West Virginia University President Gordon Gee and former Ohio Gov. John Kasich are creating a nonprofit that will fight to steer cash from any national opioid settlement to hospitals, rather than to local and state governments already sparring for control of the dollars.

COLUMBUS, Ohio: West Virginia University President Gordon Gee and former Ohio Gov. John Kasich are creating a nonprofit that will fight to steer cash from any national opioid settlement to hospitals, rather than to local and state governments already sparring for control of the dollars.

Gee and Kasich say Citizens for Effective Opioid Treatment, a 501(c)4 organization to be announced Thursday, will educate policymakers and the public about the negative impact the opioid epidemic has had on health care infrastructure and advance health-related research solutions to the crisis.
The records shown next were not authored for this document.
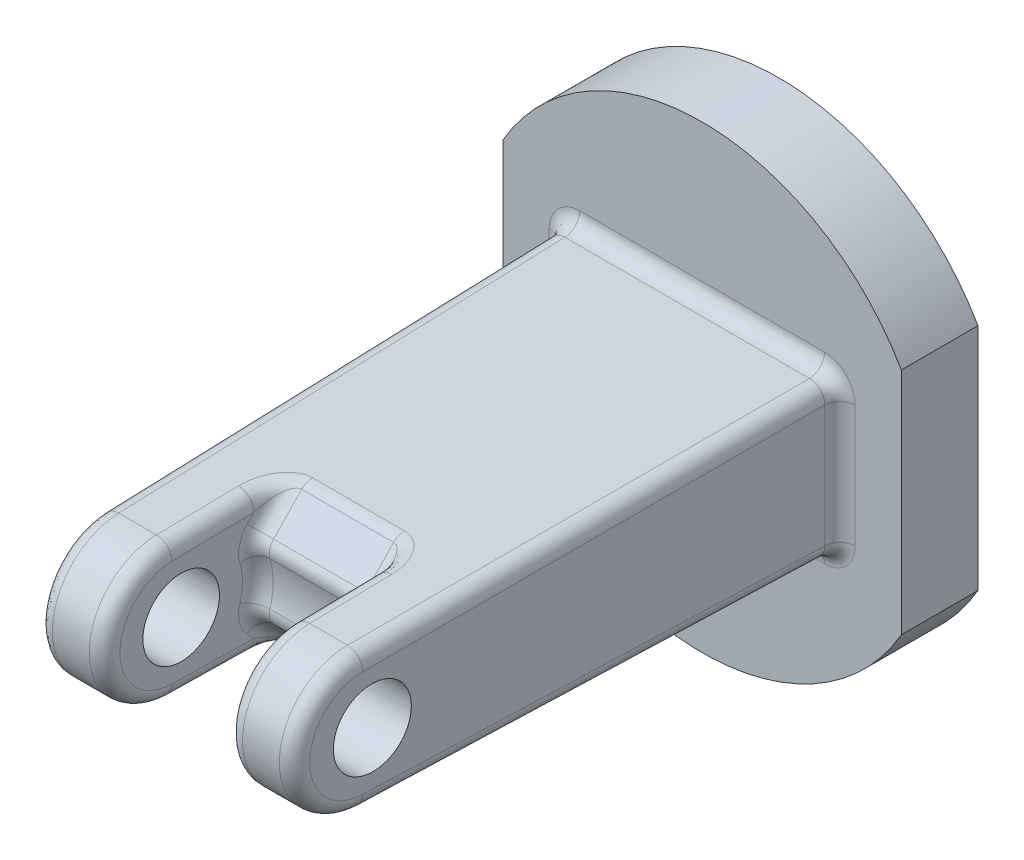
SolidWorks part; units mm, degrees
ref_plane "前视基准面" through (0, 0, 0) normal (0, 0, 1) x (1, 0, 0)
ref_plane "上视基准面" through (0, 0, 0) normal (0, 1, 0) x (1, 0, 0)
ref_plane "右视基准面" through (0, 0, 0) normal (1, 0, 0) x (0, 0, -1)
ref_plane "基准面4" through (-90, 0, 0) normal (-1, 0, 0) x (0, -1, 0)
sketch "草图1" plane through (-90, 0, 0) normal (-1, 0, 0) x (0, -1, 0)
  line L0 (-44.6567, 356.116) -> (-50, 50)
  line L1 (-50, 50) -> (50, 50)
  line L2 (50, 50) -> (44.6567, 356.116)
  arc A0 (44.6567, 356.116) -> (-44.6567, 356.116) centre (0, 355.3365) ccw
extrude "凸台-拉伸1" add sketch "草图1" against normal blind 180
ref_plane "基准面5" through (-40, 0, 0) normal (-1, 0, 0) x (0, -1, 0)
sketch "草图2" plane through (-40, 0, 0) normal (-1, 0, 0) x (0, -1, 0)
  line L0 (-44.6567, 356.116) -> (-46.0115, 278.5022)
  line L1 (-46.0115, 278.5022) -> (-19.6041, 304.0035)
  line L2 (19.6041, 304.0035) -> (46.0115, 278.5022)
  line L3 (46.0115, 278.5022) -> (44.6567, 356.116)
  arc A0 (-19.6041, 304.0035) -> (19.6041, 304.0035) centre (0, 350) ccw
  arc A1 (44.6567, 356.116) -> (-44.6567, 356.116) centre (0, 355.3365) ccw
extrude "切除-拉伸1" cut sketch "草图2" against normal blind 80
ref_plane "基准面6" through (0, 0, 50) normal (0, 0, 1) x (1, 0, 0)
sketch "草图3" plane through (0, 0, 50) normal (0, 0, 1) x (1, 0, 0)
  line L0 (130, -74.8331) -> (130, 74.8331)
  line L1 (-130, 74.8331) -> (-130, -74.8331)
  arc A0 (130, 74.8331) -> (-130, 74.8331) centre (0, 0) ccw
  arc A1 (-130, -74.8331) -> (130, -74.8331) centre (0, 0) ccw
extrude "凸台-拉伸2" add sketch "草图3" against normal blind 50
draft "拔模1" type of draft neutral plane draft angle 1 faces to draft 2 face at (90, 0, 214.029) face at (-90, 0, 214.029) neutral plane through (0, 0, 50) neutral plane normal (0, 0, 1) parameters "D1"=1
sketch "草图4" plane through (0, 0, 0) normal (0, 1, 0) x (1, 0, 0)
  line L0 (50, 50) -> (0, 50)
  line L1 (0, 50) -> (0, 0)
  line L2 (0, 0) -> (50, 0)
  line L3 (50, 0) -> (50, 50)
  line L4 (0, 50) -> (0, 0) construction
revolve "旋转1" add sketch "草图4" angle 360 about L4 reverse direction yes
hole_wizard "孔1" positions "草图6" profile "草图5" legacy
sketch "草图6" plane through (40, 0, 0) normal (-1, 0, 0) x (0, 0, 1)
  point P0 (350, 0)
sketch "草图5" plane through (40, 0, 350) normal (0, 1, 0) x (0, 0, 1)
  line L0 (0, 0) -> (0, 90)
  line L1 (0, 90) -> (25, 90)
  line L2 (25, 90) -> (25, 0)
  line L3 (25, 0) -> (0, 0)
  line L4 (0, 110) -> (0, -10) construction
  dimension "直径" = 50
  dimension "深度" = 90
hole_wizard "孔2" positions "草图8" profile "草图7" legacy
sketch "草图8" plane through (-40, 0, 0) normal (1, 0, 0) x (0, 0, -1)
  point P0 (-350, 0)
sketch "草图7" plane through (-40, 0, 350) normal (0, 1, 0) x (0, 0, -1)
  line L0 (0, 0) -> (0, 90)
  line L1 (0, 90) -> (25, 90)
  line L2 (25, 90) -> (25, 0)
  line L3 (25, 0) -> (0, 0)
  line L4 (0, 110) -> (0, -10) construction
  dimension "直径" = 50
  dimension "深度" = 90
fillet "圆角1" radius 10 26 edges at (0, -50, 50) (90, 0, 50) (0, 50, 50) (-90, 0, 50) (0, -46.0115, 278.5022) (40, -32.8078, 291.2528) (-40, -45.3341, 317.3091) (40, -45.3341, 317.3091) (-40, 0, 400) (40, 0, 400) (-40, 45.3341, 317.3091) (40, 45.3341, 317.3091) (-40, 32.8078, 291.2528) (0, 46.0115, 278.5022) (-87.3284, -47.3284, 203.058) (-87.3284, 47.3284, 203.058) (-83.8907, 0, 400) (87.3284, 47.3284, 203.058) (83.8907, 0, 400) (87.3284, -47.3284, 203.058) (-40, -32.8078, 291.2528) (-40, 0, 300) (40, 32.8078, 291.2528) (0, 19.6041, 304.0035) (40, 0, 300) (0, -19.6041, 304.0035) tangent propagation no

"It's an educational effort," Gee said. "We want to help people understand that this is a crisis and that the caregivers — the hospitals, in particular — are really leading the charge in order to be able to both give care and solve the problem."

The duo's plan is the latest move in a tug-of-war over what to do with the potential billions that could flow from a national opioid settlement with drugmakers and distributors if one is reached. Some individual settlements with counties and states have already been reached and larger pharmaceutical companies could yet cut deals as the clock ticks toward the first trial, which is set for October.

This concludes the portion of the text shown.